MIT Programmers Attack Big Data Memory Gap
Among the computing challenges presented by big data is the scattering of unstructured items across huge datasets. Pulling together that data from arbitrary locations in main memory is therefore emerging as a major performance bottleneck in CPUs.
Researchers at MIT’s Computer Science and Artificial Intelligence Laboratory have proposed a solution to the memory “locality” problem with a new programming language called “Milk.” The approach is designed to allow application developers to more efficiently manage memory when crunching scattered data in ever-larger datasets.
The MIT researchers reported at a computing conference this week that common algorithms written in the new programming language ran up to four times faster as those written in existing languages. They predict larger performance gains as the new programming language is refined to orchestrate data locations and determine the relevance of data stored at particular locations.

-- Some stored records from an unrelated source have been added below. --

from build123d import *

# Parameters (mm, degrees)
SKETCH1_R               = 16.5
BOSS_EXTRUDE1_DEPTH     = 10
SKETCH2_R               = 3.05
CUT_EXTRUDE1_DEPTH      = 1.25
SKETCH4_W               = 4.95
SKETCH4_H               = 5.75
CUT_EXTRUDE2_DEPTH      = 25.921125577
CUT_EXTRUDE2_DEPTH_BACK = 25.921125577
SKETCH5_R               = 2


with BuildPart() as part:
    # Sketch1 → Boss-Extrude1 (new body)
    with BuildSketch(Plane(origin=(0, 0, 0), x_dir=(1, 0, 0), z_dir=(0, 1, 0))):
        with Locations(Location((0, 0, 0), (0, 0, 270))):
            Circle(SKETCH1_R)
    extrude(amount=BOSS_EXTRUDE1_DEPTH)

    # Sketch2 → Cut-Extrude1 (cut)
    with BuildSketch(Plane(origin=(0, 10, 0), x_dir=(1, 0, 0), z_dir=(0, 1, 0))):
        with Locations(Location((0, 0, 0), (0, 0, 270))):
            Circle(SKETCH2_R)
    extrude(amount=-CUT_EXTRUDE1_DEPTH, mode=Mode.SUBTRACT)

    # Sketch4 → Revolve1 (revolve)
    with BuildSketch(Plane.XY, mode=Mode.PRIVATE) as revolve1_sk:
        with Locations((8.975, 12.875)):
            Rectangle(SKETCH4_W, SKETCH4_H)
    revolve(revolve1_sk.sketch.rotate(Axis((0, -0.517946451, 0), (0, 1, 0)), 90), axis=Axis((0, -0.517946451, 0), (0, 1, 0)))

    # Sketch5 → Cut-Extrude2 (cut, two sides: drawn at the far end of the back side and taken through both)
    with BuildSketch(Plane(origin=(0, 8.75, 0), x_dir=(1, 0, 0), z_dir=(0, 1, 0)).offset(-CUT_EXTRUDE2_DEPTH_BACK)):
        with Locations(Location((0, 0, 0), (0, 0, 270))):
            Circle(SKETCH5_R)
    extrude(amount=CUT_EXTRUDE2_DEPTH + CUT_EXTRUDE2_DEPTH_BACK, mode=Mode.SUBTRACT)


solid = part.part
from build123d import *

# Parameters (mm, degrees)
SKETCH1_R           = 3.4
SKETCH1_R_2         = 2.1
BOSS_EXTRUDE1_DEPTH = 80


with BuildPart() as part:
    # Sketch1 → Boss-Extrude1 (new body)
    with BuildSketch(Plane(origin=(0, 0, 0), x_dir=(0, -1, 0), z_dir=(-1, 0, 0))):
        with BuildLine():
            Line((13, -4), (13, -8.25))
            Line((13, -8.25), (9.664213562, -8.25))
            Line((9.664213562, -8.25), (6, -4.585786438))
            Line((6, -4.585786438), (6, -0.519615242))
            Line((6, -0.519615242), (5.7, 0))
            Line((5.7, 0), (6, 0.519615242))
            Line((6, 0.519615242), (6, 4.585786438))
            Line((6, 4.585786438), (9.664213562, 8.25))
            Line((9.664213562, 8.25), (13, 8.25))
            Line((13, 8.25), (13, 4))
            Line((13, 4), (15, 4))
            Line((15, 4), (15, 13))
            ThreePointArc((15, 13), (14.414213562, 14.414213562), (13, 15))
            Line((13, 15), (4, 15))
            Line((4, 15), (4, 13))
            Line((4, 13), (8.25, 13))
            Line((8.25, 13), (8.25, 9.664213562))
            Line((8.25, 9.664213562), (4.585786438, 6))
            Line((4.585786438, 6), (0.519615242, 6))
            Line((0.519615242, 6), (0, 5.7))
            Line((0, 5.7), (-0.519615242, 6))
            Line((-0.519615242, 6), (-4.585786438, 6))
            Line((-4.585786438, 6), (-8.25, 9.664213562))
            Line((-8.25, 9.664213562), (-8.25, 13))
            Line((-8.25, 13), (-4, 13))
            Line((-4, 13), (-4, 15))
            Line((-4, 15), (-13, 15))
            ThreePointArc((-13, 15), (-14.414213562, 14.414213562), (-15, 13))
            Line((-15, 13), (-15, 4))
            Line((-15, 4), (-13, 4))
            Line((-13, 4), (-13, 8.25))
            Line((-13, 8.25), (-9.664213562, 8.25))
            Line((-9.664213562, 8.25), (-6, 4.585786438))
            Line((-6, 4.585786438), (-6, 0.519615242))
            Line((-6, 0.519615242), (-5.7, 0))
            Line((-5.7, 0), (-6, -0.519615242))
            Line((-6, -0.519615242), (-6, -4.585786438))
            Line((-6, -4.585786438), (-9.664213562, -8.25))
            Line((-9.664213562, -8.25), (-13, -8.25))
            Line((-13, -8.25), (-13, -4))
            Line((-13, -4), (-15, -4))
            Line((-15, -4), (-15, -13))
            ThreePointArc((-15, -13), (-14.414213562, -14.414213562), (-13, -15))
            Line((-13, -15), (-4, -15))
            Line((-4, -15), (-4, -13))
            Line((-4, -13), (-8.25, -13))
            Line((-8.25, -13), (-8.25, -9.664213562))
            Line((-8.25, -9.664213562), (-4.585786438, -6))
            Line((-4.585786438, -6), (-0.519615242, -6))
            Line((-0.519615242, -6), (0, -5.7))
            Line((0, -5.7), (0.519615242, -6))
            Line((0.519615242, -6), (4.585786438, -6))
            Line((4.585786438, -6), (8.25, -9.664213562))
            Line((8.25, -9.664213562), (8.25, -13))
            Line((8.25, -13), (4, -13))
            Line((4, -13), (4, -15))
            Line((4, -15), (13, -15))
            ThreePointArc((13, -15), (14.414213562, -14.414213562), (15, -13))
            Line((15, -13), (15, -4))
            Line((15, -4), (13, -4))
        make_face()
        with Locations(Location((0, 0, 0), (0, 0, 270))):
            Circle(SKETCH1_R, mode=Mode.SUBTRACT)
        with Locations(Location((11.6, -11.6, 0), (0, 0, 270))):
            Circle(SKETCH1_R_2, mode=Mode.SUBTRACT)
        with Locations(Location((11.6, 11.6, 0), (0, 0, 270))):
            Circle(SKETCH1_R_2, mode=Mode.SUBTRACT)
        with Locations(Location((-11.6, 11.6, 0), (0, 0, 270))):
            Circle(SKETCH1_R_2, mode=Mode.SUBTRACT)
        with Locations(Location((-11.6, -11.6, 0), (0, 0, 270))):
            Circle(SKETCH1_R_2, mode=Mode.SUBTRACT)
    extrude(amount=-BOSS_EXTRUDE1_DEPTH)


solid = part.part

Along with the scattering of big data in memory, the MIT researchers are also tackling a problem they refer to as “sparse” data. In other words, the scale of big data solutions do not always scale in proportion to big data problem to be solved.
The MIT programming language was predicated on the fact that today’s CPUs are not optimized for “sparse” data. Fetching data sequentially from main memory, a CPU core is designed to grab blocks of data based on its location. The university researchers concluded that accessing main memory for a single data point is woefully inadequate in the age of big data.
“It’s as if, every time you want a spoonful of cereal, you open the fridge, open the milk carton, pour a spoonful of milk, close the carton and put it back in the fridge,” explained Vladimir Kiriansky, an MIT doctoral student in electrical engineering and computer science and lead researcher.
(The analogy also explains the name of the new programming language.)
Milk adds several commands to OpenMP, or Open Multi-Processing, a compiler extension to the C and other programming languages geared to multicore processors. Milk allows programmers to add a few lines of code to instructions that repeat through large datasets looking for “sparse” data. The compiler then manages memory accordingly, the researchers said.
By compiling a list of data addresses and grouping addresses near each other in memory, each core requests only the data it needs and can be retrieved efficiently, thereby boosting overall performance.
The next step in boosting performance will be tailoring the Milk compiler to keep track of the list of memory addresses but also data stored at those addresses. The approach would decide which addresses to retain for future reference and which to discard.
“Many important applications today are data-intensive, but unfortunately, the growing gap in performance between memory and CPU means they do not fully utilize current hardware,” noted Matei Zaharia, an assistant professor of computer science at Stanford University. “Milk helps to address this gap by optimizing memory access in common programming constructs.”